Print, word for word, every line from the beginning of the listing up to and including the line with "line L12 (0, 9.652) -> (0, 0) construction". Pictures are to be excluded.

▶ **SOURCE INFORMATION**
^^^^^^^^^^^^^^^^
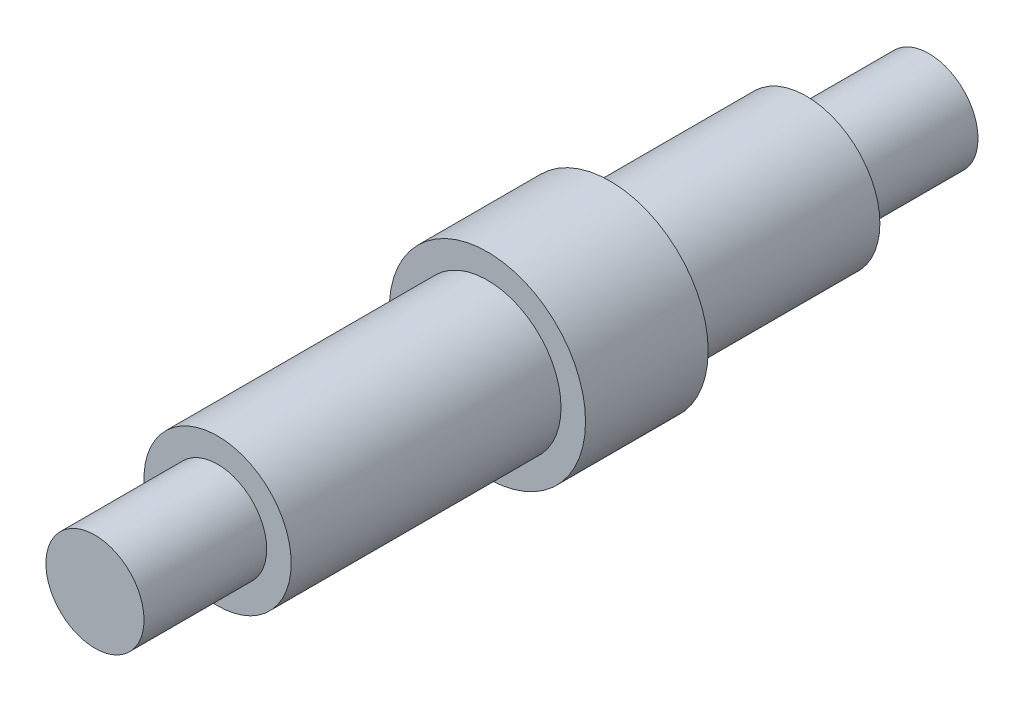
SolidWorks part; units mm, degrees
ref_plane "Front Plane" through (0, 0, 0) normal (0, 0, 1) x (1, 0, 0)
ref_plane "Top Plane" through (0, 0, 0) normal (0, 1, 0) x (1, 0, 0)
ref_plane "Right Plane" through (0, 0, 0) normal (1, 0, 0) x (0, 0, -1)
sketch "Sketch1" plane through (0, 0, 0) normal (0, 0, 1) x (1, 0, 0)
  circle A0 centre (0, 0) radius 2
  circle A1 centre (0, 0) radius 3
  circle A2 centre (0, 0) radius 4
extrude "Boss-Extrude1" add sketch "Sketch1" along normal blind 34 contours A0
extrude "Boss-Extrude2" add sketch "Sketch1<3>" along normal blind 24 from offset 5 contours A1
sketch "Sketch1<3>" plane through (0, 0, 0) normal (0, 0, 1) x (1, 0, 0) same geometry as "Sketch1"
extrude "Boss-Extrude3" add sketch "Sketch1<4>" along normal blind 5 from offset 13 contours A2
sketch "Sketch1<4>" plane through (0, 0, 0) normal (0, 0, 1) x (1, 0, 0) same geometry as "Sketch1"
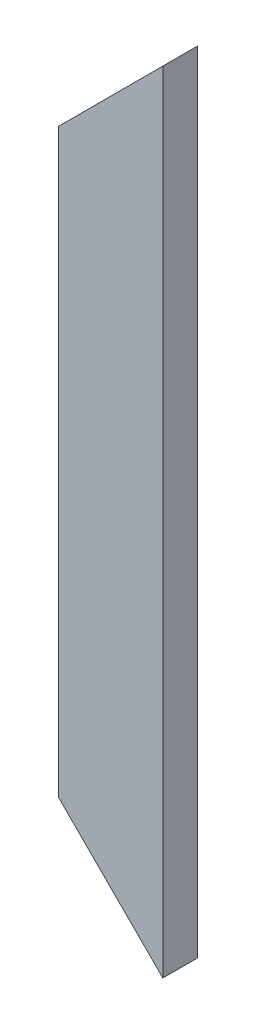
SolidWorks part; units mm, degrees
note: '?' marks a value the reader was unsure of.
material "A500"
ref_plane "Front Plane" through (0, 0, 0) normal (0, 0, 1) x (1, 0, 0)
ref_plane "Top Plane" through (0, 0, 0) normal (0, 1, 0) x (1, 0, 0)
ref_plane "Right Plane" through (0, 0, 0) normal (1, 0, 0) x (0, 0, -1)
sketch "Sketch1" plane through (0, 0, 0) normal (0, 1, 0) x (1, 0, 0)
  line L0 (0, 9.652) -> (0, 12.7) construction
  line L1 (-38.1, 12.7) -> (38.1, 12.7)
  line L2 (-38.1, 12.7) -> (-38.1, -12.7)
  line L3 (-38.1, -12.7) -> (38.1, -12.7)
  line L4 (38.1, 12.7) -> (38.1, -12.7)
  line L5 (-35.052, 9.652) -> (35.052, 9.652)
  line L6 (-35.052, 9.652) -> (-35.052, -9.652)
  line L7 (-35.052, -9.652) -> (35.052, -9.652)
  line L8 (35.052, 9.652) -> (35.052, -9.652)
  line L9 (35.052, 0) -> (38.1, 0) construction
  line L10 (0, -9.652) -> (0, -12.7) construction
  line L11 (-35.052, 0) -> (-38.1, 0) construction
  line L12 (0, 9.652) -> (0, 0) construction
  line L13 (0, 0) -> (-35.052, 0) construction
  dimension "D1" = 76.2
  dimension "D2" = 25.4
  dimension "D3" = 3.048
extrude "Boss-Extrude1" add sketch "Sketch1" along normal up to vertex (500 mm away)
ref_plane "Plane1" through (0, 0, 0) normal (0, 0, 1) x (1, 0, 0)
sketch "Sketch2" plane through (0, 0, 0) normal (0, 0, 1) x (1, 0, 0)
  line L0 (0, 0) -> (0, 500) construction
  line L1 (-38.1, 500) -> (38.1, 500) construction
  line L2 (0, 250) -> (-38.1, 250) construction
  line L3 (-38.1, 500) -> (-38.1, 0) construction
  line L4 (0, 250) -> (38.1, 250) construction
  line L5 (38.1, 500) -> (38.1, 0) construction
ref_axis "Axis1" through (0, 500, 0) along (0, -1, 0)?
sketch "Sketch3" plane through (0, 0, 0) normal (0, -1, 0) x (1, 0, 0)
  line L0 (-35.052, -9.652) -> (-35.052, 9.652) construction
  line L1 (-35.052, 9.652) -> (35.052, 9.652) construction
  line L2 (35.052, 9.652) -> (35.052, -9.652) construction
  line L3 (35.052, -9.652) -> (-35.052, -9.652) construction
  line L4 (-38.1, 12.7) -> (-38.1, -12.7)
  line L5 (-38.1, -12.7) -> (38.1, -12.7)
  line L6 (38.1, -12.7) -> (38.1, 12.7)
  line L7 (38.1, 12.7) -> (-38.1, 12.7)
  line L8 (-38.1, 12.7) -> (-38.1, -12.7)
  line L9 (-38.1, -12.7) -> (38.1, -12.7)
  line L10 (38.1, -12.7) -> (38.1, 12.7)
  line L11 (38.1, 12.7) -> (-38.1, 12.7)
  line L12 (-35.052, -9.652) -> (-35.052, 9.652)
  line L13 (-35.052, 9.652) -> (35.052, 9.652)
  line L14 (35.052, 9.652) -> (35.052, -9.652)
  line L15 (35.052, -9.652) -> (-35.052, -9.652)
  dimension "D1" = 0
extrude "Boss-Extrude2" add sketch "Sketch3" along normal blind 38.1
sketch "Sketch4" plane through (0, 500, 0) normal (0, 1, 0) x (1, 0, 0)
  line L0 (-35.052, 9.652) -> (-35.052, -9.652) construction
  line L1 (35.052, 9.652) -> (-35.052, 9.652) construction
  line L2 (35.052, -9.652) -> (35.052, 9.652) construction
  line L3 (-35.052, -9.652) -> (35.052, -9.652) construction
  line L4 (-38.1, 12.7) -> (-38.1, -12.7)
  line L5 (-38.1, -12.7) -> (38.1, -12.7)
  line L6 (38.1, -12.7) -> (38.1, 12.7)
  line L7 (38.1, 12.7) -> (-38.1, 12.7)
  line L8 (-38.1, 12.7) -> (-38.1, -12.7)
  line L9 (-38.1, -12.7) -> (38.1, -12.7)
  line L10 (38.1, -12.7) -> (38.1, 12.7)
  line L11 (38.1, 12.7) -> (-38.1, 12.7)
  line L12 (-35.052, 9.652) -> (-35.052, -9.652)
  line L13 (35.052, 9.652) -> (-35.052, 9.652)
  line L14 (35.052, -9.652) -> (35.052, 9.652)
  line L15 (-35.052, -9.652) -> (35.052, -9.652)
  dimension "D1" = 0
extrude "Boss-Extrude3" add sketch "Sketch4" along normal blind 38.1
sketch "Sketch5" plane through (0, 0, 0) normal (0, 0, 1) x (1, 0, 0)
  line L0 (-62.7727, 62.7727) -> (63.0307, -63.0307)
  line L1 (0, 25.4) -> (-62.7727, 62.7727) construction
  line L2 (0, 0) -> (0, 500) construction
  line L3 (-62.7727, 62.7727) -> (-25.4, 0) construction
  line L4 (0.0477, 0) -> (-502.9523, 0) construction
  line L6 (-62.7727, 62.7727) -> (-217.2878, -60.5812)
  line L7 (-217.2878, -60.5812) -> (-91.4844, -186.3846)
  line L8 (-91.4844, -186.3846) -> (63.0307, -63.0307)
  dimension "D1" = 25.4
  dimension "D2" = 25.4
extrude "Cut-Extrude1" cut sketch "Sketch5" against normal through all both and the other way through all
sketch "Sketch6" plane through (0, 0, 0) normal (0, 0, -1) x (0, 1, 0)
  line L0 (393.891, -106.109) -> (558.8559, 58.8559)
  line L1 (393.891, -106.109) -> (424.6, 0) construction
  line L2 (0, 0) -> (500, 0) construction
  line L3 (393.891, -106.109) -> (500, -75.4) construction
  line L4 (500, 0) -> (500, -445.4) construction
  line L5 (558.8559, 58.8559) -> (555.0161, -106.109)
  line L6 (555.0161, -106.109) -> (393.891, -106.109)
  line L7 (424.6, 0) -> (500, 0) construction
  line L8 (500, 0) -> (500, -75.4) construction
extrude "Cut-Extrude2" cut sketch "Sketch6" against normal through all both and the other way through all
equation "\"tubeMainWidth\"= 76.2mm"
equation "\"tubeSecondWidth\"= 25.4mm"
equation "\"tubeThickness\"= 3.048mm"
equation "\"halfMainWidthOfTubing\"= (\"tubeMainWidth\"/2)"
equation "\"D1@Sketch1\"=\"tubeMainWidth\""
equation "\"D2@Sketch1\"=\"tubeSecondWidth\""
equation "\"D3@Sketch1\"=\"tubeThickness\""
equation "\"D1@Boss-Extrude2\"=\"halfMainWidthOfTubing\""
equation "\"D1@Boss-Extrude3\"=\"halfMainWidthOfTubing\""
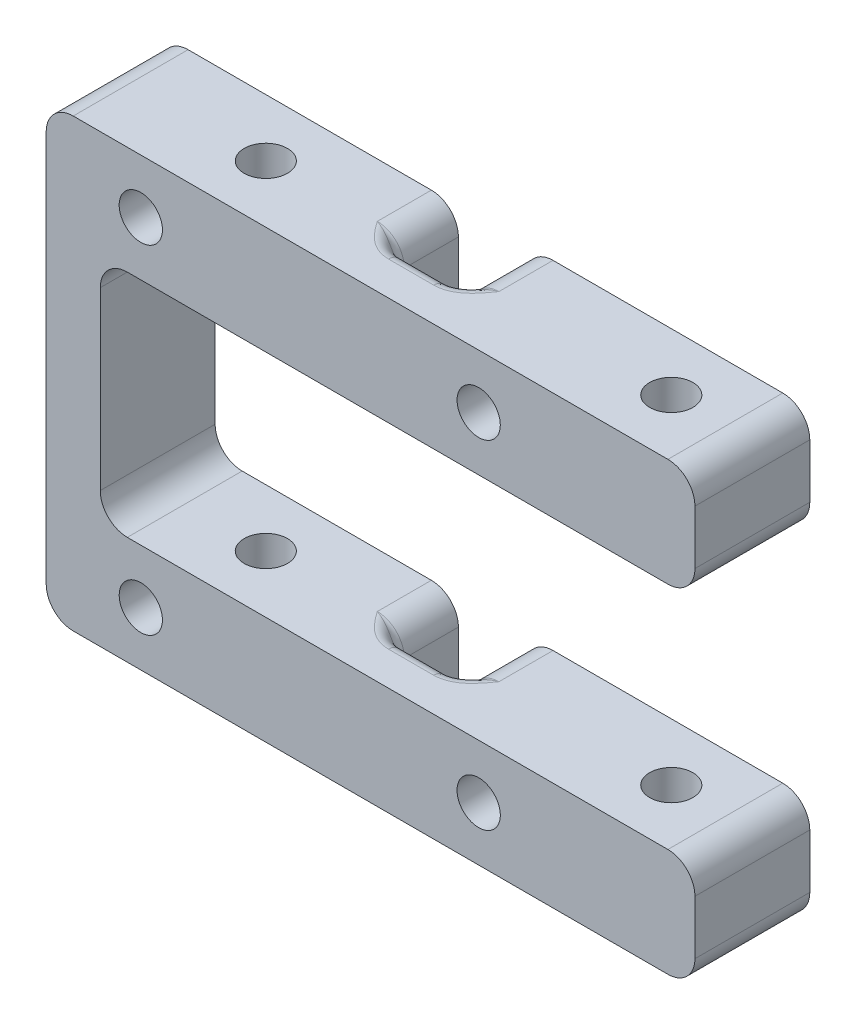
SolidWorks part; units mm, degrees
ref_plane "前视基准面" through (0, 0, 0) normal (0, 0, 1) x (1, 0, 0)
ref_plane "上视基准面" through (0, 0, 0) normal (0, 1, 0) x (1, 0, 0)
ref_plane "右视基准面" through (0, 0, 0) normal (1, 0, 0) x (0, 0, -1)
other "Configuration Table"
sketch "草图1" plane through (0, 0, 0) normal (0, 0, 1) x (1, 0, 0)
  line L1 (0, 0) -> (48, 0)
  line L2 (0, 0) -> (0, 33)
  line L3 (0, 33) -> (48, 33)
  line L4 (48, 0) -> (48, 33)
  dimension "D1" = 48
  dimension "D2" = 33
extrude "凸台-拉伸1" add sketch "草图1" along normal blind 8.5
sketch "草图2" plane through (0, 0, 8.5) normal (0, 0, 1) x (1, 0, 0)
  line L0 (0, 16.5) -> (51.2817, 16.5) construction
  line L1 (0, 33) -> (0, 0) construction
  line L2 (48, 0) -> (48, 33) construction
  line L3 (4, 16.5) -> (48, 16.5)
  line L4 (4, 8) -> (4, 25)
  line L5 (4, 25) -> (48, 25)
  line L6 (48, 8) -> (48, 25)
  line L7 (4, 8) -> (48, 8)
  line M6 (48, 0) -> (48, 33)
  dimension "D1" = 4
  dimension "D2" = 8.5
extrude "切除-拉伸1" cut sketch "草图2" against normal blind 8.5 contours L5 L4 L3 M6 | L4 L7 L3 M6 region at (26, 20.75, 8.5) region at (26, 12.25, 8.5)
sketch "草图3" plane through (0, 0, 0) normal (0, -1, 0) x (1, 0, 0)
  line L0 (0, 4.25) -> (48.3621, 4.25) construction
  line L1 (0, 8.5) -> (0, 0) construction
  circle A0 centre (12, 4.25) radius 1.6
  circle A1 centre (42, 4.25) radius 1.6
  dimension "D1" = 3.2
  dimension "D2" = 3.2
  dimension "D3" = 30
  dimension "D4" = 12
extrude "切除-拉伸2" cut sketch "草图3" against normal blind 48.5
sketch "草图4" plane through (0, 0, 0) normal (0, -1, 0) x (1, 0, 0)
  line L0 (0, 0) -> (48, 0) construction
  line L1 (22, 0) -> (27, 0)
  line L2 (22, 0) -> (22, 5)
  line L3 (22, 5) -> (27, 5)
  line L4 (27, 0) -> (27, 5)
  line L5 (0, 8.5) -> (48, 8.5) construction
  line L7 (48, 8.5) -> (48, 0) construction
  dimension "D1" = 3.5
  dimension "D2" = 5
  dimension "D3" = 21
extrude "切除-拉伸3" cut sketch "草图4" against normal blind 48.5
fillet "圆角1" radius 2 8 edges at (22, 0, 2.5) (27, 0, 2.5) (27, 25, 2.5) (27, 33, 2.5) (22, 25, 2.5) (22, 33, 2.5) (27, 8, 2.5) (22, 8, 2.5)
fillet "圆角2" radius 1 16 edges at (24.5, 33, 5) (24.5, 25, 5) (24.5, 8, 5) (24.5, 0, 5) (27.5858, 32.4142, 5) (27.5858, 25.5858, 5) (21.4142, 32.4142, 5) (21.4142, 25.5858, 5) (27.5858, 7.4142, 5) (27.5858, 0.5858, 5) (21.4142, 7.4142, 5) (21.4142, 0.5858, 5) (27, 29, 5) (22, 29, 5) (27, 4, 5) (22, 4, 5)
fillet "圆角3" radius 2 8 edges at (4, 25, 4.25) (4, 8, 4.25) (48, 8, 4.25) (0, 0, 4.25) (0, 33, 4.25) (48, 33, 4.25) (48, 25, 4.25) (48, 0, 4.25)
sketch "草图5" plane through (0, 0, 8.5) normal (0, 0, 1) x (1, 0, 0)
  line L0 (0, 16.5) -> (50.5462, 16.5) construction
  line L1 (0, 31) -> (0, 2) construction
  circle A0 centre (32, 29) radius 1.6
  circle A1 centre (7, 29) radius 1.6
  circle A2 centre (7, 4) radius 1.6
  circle A3 centre (32, 4) radius 1.6
  dimension "D1" = 3.2
  dimension "D2" = 12.5
  dimension "D4" = 7
  dimension "D3" = 2
extrude "切除-拉伸4" cut sketch "草图5" against normal blind 48.5
^^^^^^^^^^^^^^^^
▶ **ANSWER BOX**
SolidWorks part; units mm, degrees
ref_plane "Front Plane" through (0, 0, 0) normal (0, 0, 1) x (1, 0, 0)
ref_plane "Top Plane" through (0, 0, 0) normal (0, 1, 0) x (1, 0, 0)
ref_plane "Right Plane" through (0, 0, 0) normal (1, 0, 0) x (0, 0, -1)
sketch "Sketch1" plane through (0, 0, 0) normal (0, 0, 1) x (1, 0, 0)
  circle A0 centre (0, 0) radius 2
  circle A1 centre (0, 0) radius 3
  circle A2 centre (0, 0) radius 4
extrude "Boss-Extrude1" add sketch "Sketch1" along normal blind 34 contours A0
extrude "Boss-Extrude2" add sketch "Sketch1<3>" along normal blind 24 from offset 5 contours A1
sketch "Sketch1<3>" plane through (0, 0, 0) normal (0, 0, 1) x (1, 0, 0) same geometry as "Sketch1"
extrude "Boss-Extrude3" add sketch "Sketch1<4>" along normal blind 5 from offset 13 contours A2
sketch "Sketch1<4>" plane through (0, 0, 0) normal (0, 0, 1) x (1, 0, 0) same geometry as "Sketch1"
SolidWorks part; units mm, degrees
note: '?' marks a value the reader was unsure of.
material "A500"
ref_plane "Front Plane" through (0, 0, 0) normal (0, 0, 1) x (1, 0, 0)
ref_plane "Top Plane" through (0, 0, 0) normal (0, 1, 0) x (1, 0, 0)
ref_plane "Right Plane" through (0, 0, 0) normal (1, 0, 0) x (0, 0, -1)
sketch "Sketch1" plane through (0, 0, 0) normal (0, 1, 0) x (1, 0, 0)
  line L0 (0, 9.652) -> (0, 12.7) construction
  line L1 (-38.1, 12.7) -> (38.1, 12.7)
  line L2 (-38.1, 12.7) -> (-38.1, -12.7)
  line L3 (-38.1, -12.7) -> (38.1, -12.7)
  line L4 (38.1, 12.7) -> (38.1, -12.7)
  line L5 (-35.052, 9.652) -> (35.052, 9.652)
  line L6 (-35.052, 9.652) -> (-35.052, -9.652)
  line L7 (-35.052, -9.652) -> (35.052, -9.652)
  line L8 (35.052, 9.652) -> (35.052, -9.652)
  line L9 (35.052, 0) -> (38.1, 0) construction
  line L10 (0, -9.652) -> (0, -12.7) construction
  line L11 (-35.052, 0) -> (-38.1, 0) construction
  line L12 (0, 9.652) -> (0, 0) construction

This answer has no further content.